# October Art Thread



## chilango (Oct 6, 2011)

Hey ho! Let's Go!


----------



## chilango (Oct 6, 2011)

First painting of the month...Berlusconi, an underage hooker, smurfs and a quote from Kapital. 

*Apres Moi, Le Deluge*

mixed media on pesrpex

100 70 cm


----------



## Yu_Gi_Oh (Oct 10, 2011)

I love your stuff, Chilango.  I don't know much about art but your stuff is so unusual and cool.


----------



## wayward bob (Oct 10, 2011)

crappy phonecam pic, but i quite like this page from my sketchbook. i was gonna do another drawing on the second page but i'm not so sure now.


----------



## Yu_Gi_Oh (Oct 10, 2011)

Yay, wayward bob, I was hoping you'd put up some of the stuff you've started doing for your degree!

I like it a lot, I think the empty space doesn't need filling.  It makes me think of a classical Chinese painting.


----------



## Yu_Gi_Oh (Oct 10, 2011)

Here is this week's calligraphy homework.


----------



## chilango (Oct 10, 2011)

Yu_Gi_Oh said:


> Yay, wayward bob, I was hoping you'd put up some of the stuff you've started doing for your degree!
> 
> I like it a lot, I think the empty space doesn't need filling. It makes me think of a classical Chinese painting.



Yeah, I'd leave that page as is...


----------



## chilango (Oct 10, 2011)

Yu_Gi_Oh said:


> I love your stuff, Chilango. I don't know much about art but your stuff is so unusual and cool.



Thanks!


----------



## chilango (Oct 13, 2011)

New painting from this week...

*Blue Sky Thinking*
_mixed media on wood_
50 x 70cm


----------



## wayward bob (Oct 13, 2011)

today's finished drawing i don't like it but everyone else seems to 

(it's not actually that fuzzy at the bottom, just hard to get a decent pic cos it's sealed/varnished which makes it a bit shiny)


----------



## wayward bob (Oct 13, 2011)

Yu_Gi_Oh said:


> View attachment 13936
> 
> Here is this week's calligraphy homework.



i'm getting quite into calligraphy  these bloody lecturers and their bloody "inspirational" films


----------



## Yu_Gi_Oh (Oct 14, 2011)

wayward bob said:


> i'm getting quite into calligraphy  these bloody lecturers and their bloody "inspirational" films



Can we see some?  What are you using for it?

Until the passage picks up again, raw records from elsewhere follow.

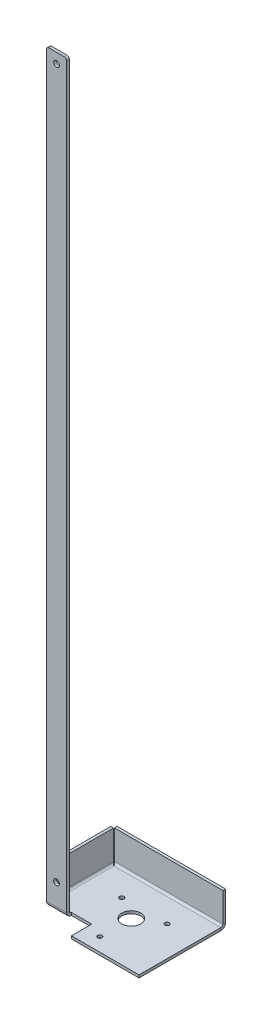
ISO-10303-21;
HEADER;
FILE_DESCRIPTION(('STEP AP214'),'2;1');
FILE_NAME('part.step','',(''),(''),'','','');
FILE_SCHEMA(('AUTOMOTIVE_DESIGN { 1 0 10303 214 1 1 1 1 }'));
ENDSEC;
DATA;
#1=APPLICATION_CONTEXT('core data for automotive mechanical design processes');
#2=APPLICATION_PROTOCOL_DEFINITION('international standard','automotive_design',2000,#1);
#3=PRODUCT_CONTEXT('',#1,'mechanical');
#4=PRODUCT('Part','Part','',(#3));
#5=PRODUCT_RELATED_PRODUCT_CATEGORY('part','',(#4));
#6=PRODUCT_DEFINITION_FORMATION('','',#4);
#7=PRODUCT_DEFINITION_CONTEXT('part definition',#1,'design');
#8=PRODUCT_DEFINITION('design','',#6,#7);
#9=PRODUCT_DEFINITION_SHAPE('','',#8);
#10=(LENGTH_UNIT() NAMED_UNIT(*) SI_UNIT(.MILLI.,.METRE.));
#11=(NAMED_UNIT(*) PLANE_ANGLE_UNIT() SI_UNIT($,.RADIAN.));
#12=(NAMED_UNIT(*) SI_UNIT($,.STERADIAN.) SOLID_ANGLE_UNIT());
#13=UNCERTAINTY_MEASURE_WITH_UNIT(LENGTH_MEASURE(1.E-05),#10,'distance_accuracy_value','');
#14=(GEOMETRIC_REPRESENTATION_CONTEXT(3) GLOBAL_UNCERTAINTY_ASSIGNED_CONTEXT((#13)) GLOBAL_UNIT_ASSIGNED_CONTEXT((#10,
#11,#12)) REPRESENTATION_CONTEXT('',''));
#15=CARTESIAN_POINT('',(0.,0.,0.));
#16=DIRECTION('',(0.,0.,1.));
#17=DIRECTION('',(1.,0.,0.));
#18=AXIS2_PLACEMENT_3D('',#15,#16,#17);
#19=CARTESIAN_POINT('',(0.,-1.00000000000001,-6.99999999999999));
#20=DIRECTION('',(0.,0.,-1.));
#21=DIRECTION('',(0.,1.,0.));
#22=AXIS2_PLACEMENT_3D('',#19,#20,#21);
#23=PLANE('',#22);
#24=DIRECTION('',(0.,-1.,0.));
#25=VECTOR('',#24,1.);
#26=CARTESIAN_POINT('',(0.,-1.00000000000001,-6.99999999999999));
#27=LINE('',#26,#25);
#28=CARTESIAN_POINT('',(0.,-4.70820393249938,-6.99999999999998));
#29=VERTEX_POINT('',#28);
#30=CARTESIAN_POINT('',(0.,-5.00000000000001,-6.99999999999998));
#31=VERTEX_POINT('',#30);
#32=EDGE_CURVE('E112',#29,#31,#27,.T.);
#33=ORIENTED_EDGE('',*,*,#32,.F.);
#34=CARTESIAN_POINT('',(1.99999999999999,1.99999999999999,-7.));
#35=DIRECTION('',(0.,0.,1.));
#36=DIRECTION('',(0.,-1.,0.));
#37=AXIS2_PLACEMENT_3D('',#34,#35,#36);
#38=CIRCLE('',#37,7.);
#39=CARTESIAN_POINT('',(1.99999999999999,-5.00000000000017,-6.99999999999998));
#40=VERTEX_POINT('',#39);
#41=EDGE_CURVE('E13',#29,#40,#38,.T.);
#42=ORIENTED_EDGE('',*,*,#41,.T.);
#43=DIRECTION('',(1.,0.,0.));
#44=VECTOR('',#43,1.);
#45=CARTESIAN_POINT('',(0.,-5.00000000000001,-6.99999999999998));
#46=LINE('',#45,#44);
#47=EDGE_CURVE('E565',#31,#40,#46,.T.);
#48=ORIENTED_EDGE('',*,*,#47,.F.);
#49=EDGE_LOOP('',(#33,#42,#48));
#50=FACE_BOUND('',#49,.T.);
#51=ADVANCED_FACE('F96',(#50),#23,.T.);
#52=CARTESIAN_POINT('',(0.,-4.99999999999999,0.));
#53=DIRECTION('',(0.,-1.,0.));
#54=DIRECTION('',(0.,0.,-1.));
#55=AXIS2_PLACEMENT_3D('',#52,#53,#54);
#56=PLANE('',#55);
#57=CARTESIAN_POINT('',(115.5,-5.00000000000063,-63.));
#58=DIRECTION('',(0.,1.,0.));
#59=DIRECTION('',(0.,0.,1.));
#60=AXIS2_PLACEMENT_3D('',#57,#58,#59);
#61=CIRCLE('',#60,3.25000000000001);
#62=CARTESIAN_POINT('',(115.5,-5.00000000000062,-59.75));
#63=VERTEX_POINT('',#62);
#64=EDGE_CURVE('E564',#63,#63,#61,.T.);
#65=ORIENTED_EDGE('',*,*,#64,.T.);
#66=EDGE_LOOP('',(#65));
#67=FACE_BOUND('',#66,.T.);
#68=CARTESIAN_POINT('',(48.5,-5.00000000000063,-63.));
#69=DIRECTION('',(0.,1.,0.));
#70=DIRECTION('',(0.,0.,1.));
#71=AXIS2_PLACEMENT_3D('',#68,#69,#70);
#72=CIRCLE('',#71,3.25000000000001);
#73=CARTESIAN_POINT('',(48.5,-5.00000000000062,-59.75));
#74=VERTEX_POINT('',#73);
#75=EDGE_CURVE('E571',#74,#74,#72,.T.);
#76=ORIENTED_EDGE('',*,*,#75,.T.);
#77=EDGE_LOOP('',(#76));
#78=FACE_BOUND('',#77,.T.);
#79=CARTESIAN_POINT('',(82.,-5.0000000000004,3.00000000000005));
#80=DIRECTION('',(0.,1.,0.));
#81=DIRECTION('',(0.,0.,1.));
#82=AXIS2_PLACEMENT_3D('',#79,#80,#81);
#83=CIRCLE('',#82,3.25000000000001);
#84=CARTESIAN_POINT('',(82.,-5.00000000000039,6.25000000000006));
#85=VERTEX_POINT('',#84);
#86=EDGE_CURVE('E558',#85,#85,#83,.T.);
#87=ORIENTED_EDGE('',*,*,#86,.T.);
#88=EDGE_LOOP('',(#87));
#89=FACE_BOUND('',#88,.T.);
#90=CARTESIAN_POINT('',(82.,-5.00000000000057,-43.4999999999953));
#91=DIRECTION('',(0.,1.,0.));
#92=DIRECTION('',(0.,0.,1.));
#93=AXIS2_PLACEMENT_3D('',#90,#91,#92);
#94=CIRCLE('',#93,14.);
#95=CARTESIAN_POINT('',(82.,-5.00000000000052,-29.4999999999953));
#96=VERTEX_POINT('',#95);
#97=EDGE_CURVE('E546',#96,#96,#94,.T.);
#98=ORIENTED_EDGE('',*,*,#97,.T.);
#99=EDGE_LOOP('',(#98));
#100=FACE_BOUND('',#99,.T.);
#101=DIRECTION('',(0.,0.,1.));
#102=VECTOR('',#101,1.);
#103=CARTESIAN_POINT('',(1.99999999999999,-5.00000000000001,-6.99999999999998));
#104=LINE('',#103,#102);
#105=CARTESIAN_POINT('',(2.,-5.00000000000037,-98.));
#106=VERTEX_POINT('',#105);
#107=EDGE_CURVE('E669',#40,#106,#104,.F.);
#108=ORIENTED_EDGE('',*,*,#107,.T.);
#109=DIRECTION('',(-1.,0.,0.));
#110=VECTOR('',#109,1.);
#111=CARTESIAN_POINT('',(-0.292893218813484,-5.00000000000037,-98.));
#112=LINE('',#111,#110);
#113=CARTESIAN_POINT('',(160.,-5.00000000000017,-98.));
#114=VERTEX_POINT('',#113);
#115=EDGE_CURVE('E298',#106,#114,#112,.F.);
#116=ORIENTED_EDGE('',*,*,#115,.T.);
#117=DIRECTION('',(0.,0.,-1.));
#118=VECTOR('',#117,1.);
#119=CARTESIAN_POINT('',(160.,-5.00000000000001,-6.99999999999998));
#120=LINE('',#119,#118);
#121=CARTESIAN_POINT('',(160.,-5.00000000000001,23.));
#122=VERTEX_POINT('',#121);
#123=EDGE_CURVE('E532',#122,#114,#120,.T.);
#124=ORIENTED_EDGE('',*,*,#123,.F.);
#125=DIRECTION('',(1.,0.,0.));
#126=VECTOR('',#125,1.);
#127=CARTESIAN_POINT('',(160.,-5.00000000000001,23.));
#128=LINE('',#127,#126);
#129=CARTESIAN_POINT('',(60.,-5.00000000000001,23.));
#130=VERTEX_POINT('',#129);
#131=EDGE_CURVE('E542',#130,#122,#128,.T.);
#132=ORIENTED_EDGE('',*,*,#131,.F.);
#133=DIRECTION('',(0.,0.,-1.));
#134=VECTOR('',#133,1.);
#135=CARTESIAN_POINT('',(60.,-5.00000000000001,23.));
#136=LINE('',#135,#134);
#137=CARTESIAN_POINT('',(60.,-5.00000000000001,-6.99999999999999));
#138=VERTEX_POINT('',#137);
#139=EDGE_CURVE('E539',#130,#138,#136,.T.);
#140=ORIENTED_EDGE('',*,*,#139,.T.);
#141=DIRECTION('',(-1.,0.,0.));
#142=VECTOR('',#141,1.);
#143=CARTESIAN_POINT('',(160.,-5.00000000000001,-6.99999999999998));
#144=LINE('',#143,#142);
#145=CARTESIAN_POINT('',(30.,-5.00000000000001,-6.99999999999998));
#146=VERTEX_POINT('',#145);
#147=EDGE_CURVE('E530',#138,#146,#144,.T.);
#148=ORIENTED_EDGE('',*,*,#147,.T.);
#149=DIRECTION('',(-1.,0.,0.));
#150=VECTOR('',#149,1.);
#151=CARTESIAN_POINT('',(0.,-5.00000000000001,-6.99999999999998));
#152=LINE('',#151,#150);
#153=EDGE_CURVE('E506',#146,#40,#152,.T.);
#154=ORIENTED_EDGE('',*,*,#153,.T.);
#155=EDGE_LOOP('',(#108,#116,#124,#132,#140,#148,#154));
#156=FACE_BOUND('',#155,.T.);
#157=ADVANCED_FACE('F352',(#67,#78,#89,#100,#156),#56,.T.);
#158=CARTESIAN_POINT('',(0.,-0.999999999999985,0.));
#159=DIRECTION('',(0.,-1.,0.));
#160=DIRECTION('',(0.,0.,-1.));
#161=AXIS2_PLACEMENT_3D('',#158,#159,#160);
#162=PLANE('',#161);
#163=CARTESIAN_POINT('',(115.5,-1.00000000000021,-63.));
#164=DIRECTION('',(0.,1.,0.));
#165=DIRECTION('',(0.,0.,1.));
#166=AXIS2_PLACEMENT_3D('',#163,#164,#165);
#167=CIRCLE('',#166,3.25000000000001);
#168=CARTESIAN_POINT('',(115.5,-1.00000000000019,-59.75));
#169=VERTEX_POINT('',#168);
#170=EDGE_CURVE('E561',#169,#169,#167,.T.);
#171=ORIENTED_EDGE('',*,*,#170,.F.);
#172=EDGE_LOOP('',(#171));
#173=FACE_BOUND('',#172,.T.);
#174=CARTESIAN_POINT('',(48.5,-1.00000000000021,-63.));
#175=DIRECTION('',(0.,1.,0.));
#176=DIRECTION('',(0.,0.,1.));
#177=AXIS2_PLACEMENT_3D('',#174,#175,#176);
#178=CIRCLE('',#177,3.25000000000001);
#179=CARTESIAN_POINT('',(48.5,-1.00000000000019,-59.75));
#180=VERTEX_POINT('',#179);
#181=EDGE_CURVE('E568',#180,#180,#178,.T.);
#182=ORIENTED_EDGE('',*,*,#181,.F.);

A special pen or a brush?


----------



## wayward bob (Oct 14, 2011)

oh sorry i haven't been doing it, but i have started to appreciate it. took pics of some beautiful chinese fans at the ashmolean, i'll post up that page from my journal when it's done


----------



## wayward bob (Oct 16, 2011)

more sketchbook stuff, so not strictly "art"  (lace, btw)


----------



## Yu_Gi_Oh (Oct 23, 2011)

Here is this week's Chinese calligraphy homework.



And I had a go at some Korean (Hangul Script) cursive calligraphy too.


----------



## wayward bob (Oct 23, 2011)

fab stuff yu_gi  reminds me to post my journal page


----------



## Yu_Gi_Oh (Oct 24, 2011)

_Love_ the journal page, bob!

Really like the list you've written, you've got gorgeous handwriting. The lino stamp thingy reminds me of a Chinese paper cut too. I was looking at paper cutting last night and the Polish stuff is excellent as well. I don't really understand Lino Cutting, is it hard? It must require a very steady hand?

The Chinese calligpraphy on your fan on the right-hand page is in (隶书) Li Shu or Clerical Script, which is what I'm learning. The writing on the left hand fan looks like a mixture of Seal Script and maybe Regular Script.


----------



## wayward bob (Oct 24, 2011)

Yu_Gi_Oh said:


> _Love_ the journal page, bob!
> 
> Really like the list you've written, you've got gorgeous handwriting. The lino stamp thingy reminds me of a Chinese paper cut too. I was looking at paper cutting last night and the Polish stuff is excellent as well. I don't really understand Lino Cutting, is it hard? It must require a very steady hand?
> 
> The Chinese calligpraphy on your fan on the right-hand page is in (隶书) Li Shu or Clerical Script, which is what I'm learning. The writing on the left hand fan looks like a mixture of Seal Script and maybe Regular Script.



heh, i don't like my handwriting but the film that we saw (which the page is about) has made me really want to practice it and make it better. i'm gonna try to fit some quotes from the film into the spare spaces. that's really interesting about the different scripts. i noted down what the left one said - it's a description of a landscape - but not the right one.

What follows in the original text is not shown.